- Exercise -
Below are the lines to check; count those holding the string "Fusion" and give only the number.

Collected data
◇ ◇ ◇ ◇
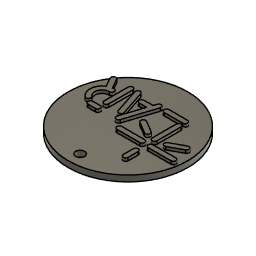
circle (Autodesk Fusion 360 design; units mm, degrees)
Autodesk Fusion 360 part; units mm, degrees
sketch "Esboço1" plane through (0, 0, 0) normal (0, 1, 0) x (1, 0, 0)
  circle A0 centre (0, 0) radius 20
  dimension "d1" = 40
  constraint coincident A0.centre origin
  measures "d1" diameter of A0
extrude "Extrusão1" add sketch "Esboço1" along normal blind 2
sketch "Esboço2" plane through (0, 2, 0) normal (0, 1, 0) x (-1, 0, 0)
  circle A0 centre (0, 0) radius 20
  arc A1 (-7.6957, 3.7284) -> (-7.6957, 2.0924) centre (-7.6957, 2.9104) ccw
  arc A2 (9.6001, 1.2824) -> (9.6001, -0.3536) centre (9.6001, 0.4644) ccw
  arc A3 (-8.3998, 9.9964) -> (-10.0358, 9.9964) centre (-9.2178, 9.9964) ccw
  arc A4 (12.1483, -0.3536) -> (12.1483, 1.2824) centre (12.1483, 0.4644) ccw
  arc A5 (-10.5289, 2.1733) -> (-10.5289, 3.8093) centre (-10.5289, 2.9913) ccw
  line L0 (4.3783, -2.0864) -> (7.1036, -10.37) construction
  line L1 (-10.0682, 0.3364) -> (-10.0682, -7.7023)
  line L2 (0.2484, -8.4101) -> (3.8683, -8.4101) construction
  line L3 (-7.6957, 2.9104) -> (-0.0057, 2.9104) construction
  line L4 (-10.0358, 9.9964) -> (-10.0358, 6.5964)
  line L5 (12.4242, -6.9719) -> (14.5369, -10.7718)
  line L6 (9.6001, -0.3536) -> (12.1483, -0.3536)
  line L7 (-8.3998, 6.5964) -> (-8.3998, 9.9964)
  line L8 (-9.2178, 9.9964) -> (-9.2178, 6.5964) construction
  line L9 (-13.1677, 0.533) -> (-17.5076, -1.7969)
  arc A6 (-9.2417, -9.0641) -> (-9.2417, -10.7001) centre (-9.2417, -9.8821) ccw
  line L10 (9.5376, -2.2788) -> (9.5376, -10.3735) construction
  line L11 (-10.5289, 3.8093) -> (-18.2117, 3.8093)
  line L12 (-9.2417, -10.7001) -> (-3.0317, -10.7001)
  arc A7 (-10.0358, 6.5964) -> (-8.3998, 6.5964) centre (-9.2178, 6.5964) ccw
  arc A8 (-12.3938, -0.9084) -> (-13.1677, 0.533) centre (-12.7808, -0.1877) ccw
  line L13 (0.5064, -10.266) -> (3.7944, -0.1298)
  line L14 (-7.6957, 2.0924) -> (-0.0057, 2.0924)
  line L15 (-0.0057, 3.7284) -> (-7.6957, 3.7284)
  arc A9 (-8.4322, 0.3364) -> (-10.0682, 0.3364) centre (-9.2502, 0.3364) ccw
  arc A10 (-0.0057, 2.0924) -> (-0.0057, 3.7284) centre (-0.0057, 2.9104) ccw
  arc A11 (3.7944, -0.1298) -> (2.2383, 0.375) centre (3.0163, 0.1226) ccw
  line L16 (12.1483, 1.2824) -> (9.6001, 1.2824)
  line L17 (0.2484, -9.2281) -> (3.8683, -9.2281)
  line L18 (-16.7338, -3.2383) -> (-12.3938, -0.9084)
  arc A12 (12.141, -6.7193) -> (14.2741, -1.032) centre (12.1819, -3.4909) ccw construction
  arc A13 (13.854, -6.1769) -> (12.4242, -6.9719) centre (13.1391, -6.5744) ccw
  arc A14 (14.5369, -10.7718) -> (15.9667, -9.9767) centre (15.2518, -10.3742) ccw
  line L19 (2.2383, 0.375) -> (-1.0498, -9.7612)
  arc A15 (5.1554, -1.8307) -> (3.6013, -2.342) centre (4.3783, -2.0864) ccw
  line L20 (9.6001, 0.4644) -> (12.1483, 0.4644) construction
  arc A16 (-17.5076, -1.7969) -> (-16.7338, -3.2383) centre (-17.1207, -2.5176) ccw
  line L21 (8.7196, -2.2788) -> (8.7196, -10.3735)
  line L22 (3.6013, -2.342) -> (6.3265, -10.6256)
  arc A17 (12.1514, -5.9012) -> (12.1306, -7.5373) centre (12.141, -6.7193) ccw
  arc A18 (12.1514, -5.9012) -> (13.7439, -1.6551) centre (12.1819, -3.4909) ccw
  arc A19 (-1.0498, -9.7612) -> (0.5064, -10.266) centre (-0.2717, -10.0136) ccw
  arc A20 (6.3265, -10.6256) -> (7.8806, -10.1144) centre (7.1036, -10.37) ccw
  arc A21 (3.8683, -9.2281) -> (3.8683, -7.5921) centre (3.8683, -8.4101) ccw
  line L23 (13.1391, -6.5744) -> (15.2518, -10.3742) construction
  arc A22 (12.1306, -7.5373) -> (14.8043, -0.4089) centre (12.1819, -3.4909) ccw
  line L24 (-6.0435, -0.6001) -> (-2.2156, -2.8491) construction
  line L25 (-6.4578, -1.3054) -> (-2.63, -3.5544)
  arc A23 (-3.0317, -10.7001) -> (-3.0317, -9.0641) centre (-3.0317, -9.8821) ccw
  arc A24 (10.3556, -2.2788) -> (8.7196, -2.2788) centre (9.5376, -2.2788) ccw
  line L26 (10.3556, -10.3735) -> (10.3556, -2.2788)
  line L27 (7.8806, -10.1144) -> (5.1554, -1.8307)
  line L28 (-1.8012, -2.1438) -> (-5.6291, 0.1051)
  arc A25 (0.2484, -7.5921) -> (0.2484, -9.2281) centre (0.2484, -8.4101) ccw
  line L29 (3.8683, -7.5921) -> (0.2484, -7.5921)
  arc A26 (-5.6291, 0.1051) -> (-6.4578, -1.3054) centre (-6.0435, -0.6001) ccw
  arc A27 (-2.63, -3.5544) -> (-1.8012, -2.1438) centre (-2.2156, -2.8491) ccw
  arc A28 (8.7196, -10.3735) -> (10.3556, -10.3735) centre (9.5376, -10.3735) ccw
  line L30 (-3.0317, -9.0641) -> (-9.2417, -9.0641)
  line L31 (-10.5289, 2.9913) -> (-18.2117, 2.9913) construction
  line L32 (-8.4322, -7.7023) -> (-8.4322, 0.3364)
  line L33 (-9.2417, -9.8821) -> (-3.0317, -9.8821) construction
  line L34 (-18.2117, 2.1733) -> (-10.5289, 2.1733)
  line L35 (15.9667, -9.9767) -> (13.854, -6.1769)
  line L36 (-17.1207, -2.5176) -> (-12.7808, -0.1877) construction
  arc A29 (-18.2117, 3.8093) -> (-18.2117, 2.1733) centre (-18.2117, 2.9913) ccw
  arc A30 (14.8043, -0.4089) -> (13.7439, -1.6551) centre (14.2741, -1.032) ccw
  line L37 (-0.2717, -10.0136) -> (3.0163, 0.1226) construction
  line L38 (-9.2502, 0.3364) -> (-9.2502, -7.7023) construction
  arc A31 (-10.0682, -7.7023) -> (-8.4322, -7.7023) centre (-9.2502, -7.7023) ccw
  point P0 (-1.3, 0)
  point P1 (-1.3, 0)
  point P2 (2.75, -13.35)
  point P3 (2.75, -13.35)
  point P4 (3.3879, -13.4686)
  point P5 (2.75, -13.35)
  point P6 (2.75, -13.35)
  point P7 (2.75, -13.35)
  dimension "d4" = 1.6362
  dimension "d5" = 1.636
  dimension "d6" = 1.636
  dimension "d7" = 1.636
  dimension "d8" = 1.636
  dimension "d9" = 1.636
  dimension "d10" = 1.636
  dimension "d11" = 1.636
  dimension "d12" = 1.636
  dimension "d13" = 4.4396
  dimension "d14" = 1.636
  dimension "d15" = 1.636
  dimension "d16" = 1.636
  dimension "d17" = 1.636
  dimension "d18" = 1.636
  dimension "d19" = 3.4
  constraint coincident P1 P0
  constraint tangent L4 A7
  constraint tangent L7 A7
  constraint parallel L4 L7
  constraint tangent A3 L7
  constraint tangent A3 L4
  constraint tangent L14 A10
  constraint tangent L15 A10
  constraint parallel L14 L15
  constraint tangent A1 L15
  constraint tangent A1 L14
  constraint tangent L25 A27
  constraint tangent L28 A27
  constraint parallel L25 L28
  constraint tangent L28 A26
  constraint tangent L25 A26
  constraint tangent L1 A31
  constraint tangent L32 A31
  constraint parallel L1 L32
  constraint tangent A9 L32
  constraint tangent L1 A9
  constraint tangent A8 L18
  constraint tangent L9 A8
  constraint parallel L9 L18
  constraint tangent L9 A16
  constraint tangent L18 A16
  constraint tangent L11 A29
  constraint tangent L34 A29
  constraint parallel L11 L34
  constraint tangent A5 L34
  constraint tangent A5 L11
  constraint perpendicular L1 L31
  constraint tangent L12 A23
  constraint tangent A23 L30
  constraint parallel L12 L30
  constraint tangent A6 L30
  constraint tangent A6 L12
  constraint perpendicular L1 L33
  constraint tangent L13 A11
  constraint tangent A11 L19
  constraint parallel L13 L19
  constraint tangent L19 A19
  constraint tangent L13 A19
  constraint tangent L17 A21
  constraint tangent A21 L29
  constraint parallel L17 L29
  constraint tangent A25 L29
  constraint tangent L17 A25
  constraint coincident L2.start L37
  constraint tangent L22 A20
  constraint tangent A20 L27
  constraint parallel L22 L27
  constraint tangent A15 L27
  constraint tangent A15 L22
  constraint tangent L21 A28
  constraint tangent L26 A28
  constraint parallel L21 L26
  constraint tangent A24 L26
  constraint tangent L21 A24
  constraint tangent A4 L6
  constraint tangent A4 L16
  constraint parallel L6 L16
  constraint tangent A2 L16
  constraint tangent A2 L6
  constraint tangent A17 A22
  constraint tangent A17 A18
  constraint tangent A18 A30
  constraint tangent A22 A30
  constraint tangent L5 A14
  constraint tangent A14 L35
  constraint parallel L5 L35
  constraint tangent A13 L35
  constraint tangent L5 A13
  constraint coincident A13.centre A12
  measures "d4" distance of A18 A22
  measures "d5" distance of L6 L16
  measures "d6" distance of L5 L35
  measures "d7" distance of L21 L26
  measures "d8" distance of L22 L27
  measures "d9" distance of L17 L29
  measures "d10" distance of L13 L19
  measures "d11" distance of L12 L30
  measures "d12" distance of L1 L32
  measures "d13" distance of L24.end L24.start
  measures "d14" distance of L25 L28
  measures "d15" distance of L14 L15
  measures "d16" distance of L11 L34
  measures "d17" distance of L4 L7
  measures "d18" distance of L9 L18
  measures "d19" distance of A3.centre L8.end
extrude "Extrusão2" add sketch "Esboço2" along normal blind 1 contours A1 L14 L15 A10 | A2 A4 L6 L16 | A3 L4 L7 A7 | A5 L11 L34 A29 | L1 A9 L32 A31 | L5 A13 A22 L35 | L5 A13 A17 A18 A22 | L5 A14 A22 L35 | A13 A18 A22 L35 A30 | L9 A8 L18 A16 | A6 L12 A23 L30 | L13 L17 L19 A19 A25 | L13 L17 A25 L29 | L13 L17 A21 L29 | L13 A11 L19 A25 L29 | A15 L22 A20 L27 | L21 A24 L26 A28 | L25 L28 A26 A27
sketch "Esboço3" plane through (0, 2, 0) normal (0, 1, 0) x (-1, 0, 0)
  arc A0 (12.1483, -0.3536) -> (12.1483, 1.2824) centre (12.1483, 0.4644) ccw
  line L0 (12.1483, -0.3536) -> (9.6001, -0.3536)
  arc A1 (9.6001, 1.2824) -> (9.6001, -0.3536) centre (9.6001, 0.4644) ccw
  line L1 (9.6001, 1.2824) -> (12.1483, 1.2824)
  arc A2 (3.8683, -9.2281) -> (3.8683, -7.5921) centre (3.8683, -8.4101) ccw
  line L2 (3.8683, -9.2281) -> (0.843, -9.2281)
  line L3 (0.843, -9.2281) -> (0.5064, -10.266)
  arc A3 (-1.0498, -9.7612) -> (0.5064, -10.266) centre (-0.2717, -10.0136) ccw
  line L4 (-1.0498, -9.7612) -> (2.2383, 0.375)
  arc A4 (3.7944, -0.1298) -> (2.2383, 0.375) centre (3.0163, 0.1226) ccw
  line L5 (3.7944, -0.1298) -> (1.3737, -7.5921)
  line L6 (1.3737, -7.5921) -> (3.8683, -7.5921)
  line L7 (-10.0682, -7.7023) -> (-10.0682, 0.3364)
  arc A5 (-8.4322, 0.3364) -> (-10.0682, 0.3364) centre (-9.2502, 0.3364) ccw
  line L8 (-8.4322, 0.3364) -> (-8.4322, -7.7023)
  arc A6 (-10.0682, -7.7023) -> (-8.4322, -7.7023) centre (-9.2502, -7.7023) ccw
  line L9 (-10.0358, 6.5964) -> (-10.0358, 9.9964)
  arc A7 (-8.3998, 9.9964) -> (-10.0358, 9.9964) centre (-9.2178, 9.9964) ccw
  line L10 (-8.3998, 9.9964) -> (-8.3998, 6.5964)
  arc A8 (-10.0358, 6.5964) -> (-8.3998, 6.5964) centre (-9.2178, 6.5964) ccw
  line L11 (-2.63, -3.5544) -> (-6.4578, -1.3054)
  arc A9 (-5.6291, 0.1051) -> (-6.4578, -1.3054) centre (-6.0435, -0.6001) ccw
  line L12 (-5.6291, 0.1051) -> (-1.8012, -2.1438)
  arc A10 (-2.63, -3.5544) -> (-1.8012, -2.1438) centre (-2.2156, -2.8491) ccw
  arc A11 (6.3265, -10.6256) -> (7.8806, -10.1144) centre (7.1036, -10.37) ccw
  line L13 (6.3265, -10.6256) -> (3.6013, -2.342)
  arc A12 (5.1554, -1.8307) -> (3.6013, -2.342) centre (4.3783, -2.0864) ccw
  line L14 (5.1554, -1.8307) -> (7.8806, -10.1144)
  arc A13 (12.1514, -5.9012) -> (13.7439, -1.6551) centre (12.1819, -3.4909) ccw
  arc A14 (14.8043, -0.4089) -> (13.7439, -1.6551) centre (14.2741, -1.032) ccw
  arc A15 (14.2834, -6.9492) -> (14.8043, -0.4089) centre (12.1819, -3.4909) ccw
  line L15 (14.2834, -6.9492) -> (15.9667, -9.9767)
  arc A16 (14.5369, -10.7718) -> (15.9667, -9.9767) centre (15.2518, -10.3742) ccw
  line L16 (14.5369, -10.7718) -> (12.7188, -7.5019)
  arc A17 (12.1306, -7.5373) -> (12.7188, -7.5019) centre (12.1819, -3.4909) ccw
  arc A18 (12.1514, -5.9012) -> (12.1306, -7.5373) centre (12.141, -6.7193) ccw
  arc A19 (-3.0317, -10.7001) -> (-3.0317, -9.0641) centre (-3.0317, -9.8821) ccw
  line L17 (-3.0317, -10.7001) -> (-9.2417, -10.7001)
  arc A20 (-9.2417, -9.0641) -> (-9.2417, -10.7001) centre (-9.2417, -9.8821) ccw
  line L18 (-9.2417, -9.0641) -> (-3.0317, -9.0641)
  line L19 (-17.5076, -1.7969) -> (-13.1677, 0.533)
  arc A21 (-12.3938, -0.9084) -> (-13.1677, 0.533) centre (-12.7808, -0.1877) ccw
  line L20 (-12.3938, -0.9084) -> (-16.7338, -3.2383)
  arc A22 (-17.5076, -1.7969) -> (-16.7338, -3.2383) centre (-17.1207, -2.5176) ccw
  line L21 (-18.2117, 3.8093) -> (-10.5289, 3.8093)
  arc A23 (-10.5289, 2.1733) -> (-10.5289, 3.8093) centre (-10.5289, 2.9913) ccw
  line L22 (-10.5289, 2.1733) -> (-18.2117, 2.1733)
  arc A24 (-18.2117, 3.8093) -> (-18.2117, 2.1733) centre (-18.2117, 2.9913) ccw
  line L23 (-0.0057, 2.0924) -> (-7.6957, 2.0924)
  arc A25 (-7.6957, 3.7284) -> (-7.6957, 2.0924) centre (-7.6957, 2.9104) ccw
  line L24 (-7.6957, 3.7284) -> (-0.0057, 3.7284)
  arc A26 (-0.0057, 2.0924) -> (-0.0057, 3.7284) centre (-0.0057, 2.9104) ccw
  line L25 (8.7196, -10.3735) -> (8.7196, -2.2788)
  arc A27 (10.3556, -2.2788) -> (8.7196, -2.2788) centre (9.5376, -2.2788) ccw
  line L26 (10.3556, -2.2788) -> (10.3556, -10.3735)
  arc A28 (8.7196, -10.3735) -> (10.3556, -10.3735) centre (9.5376, -10.3735) ccw
  circle A29 centre (0, 0) radius 20
  circle A30 centre (0, 16) radius 1.5
  dimension "d22" = 3
  measures "d22" diameter of A30
extrude "Extrusão3" cut sketch "Esboço3" against normal blind 6 contours A30
◇ ◇ ◇ ◇
- Response area -
2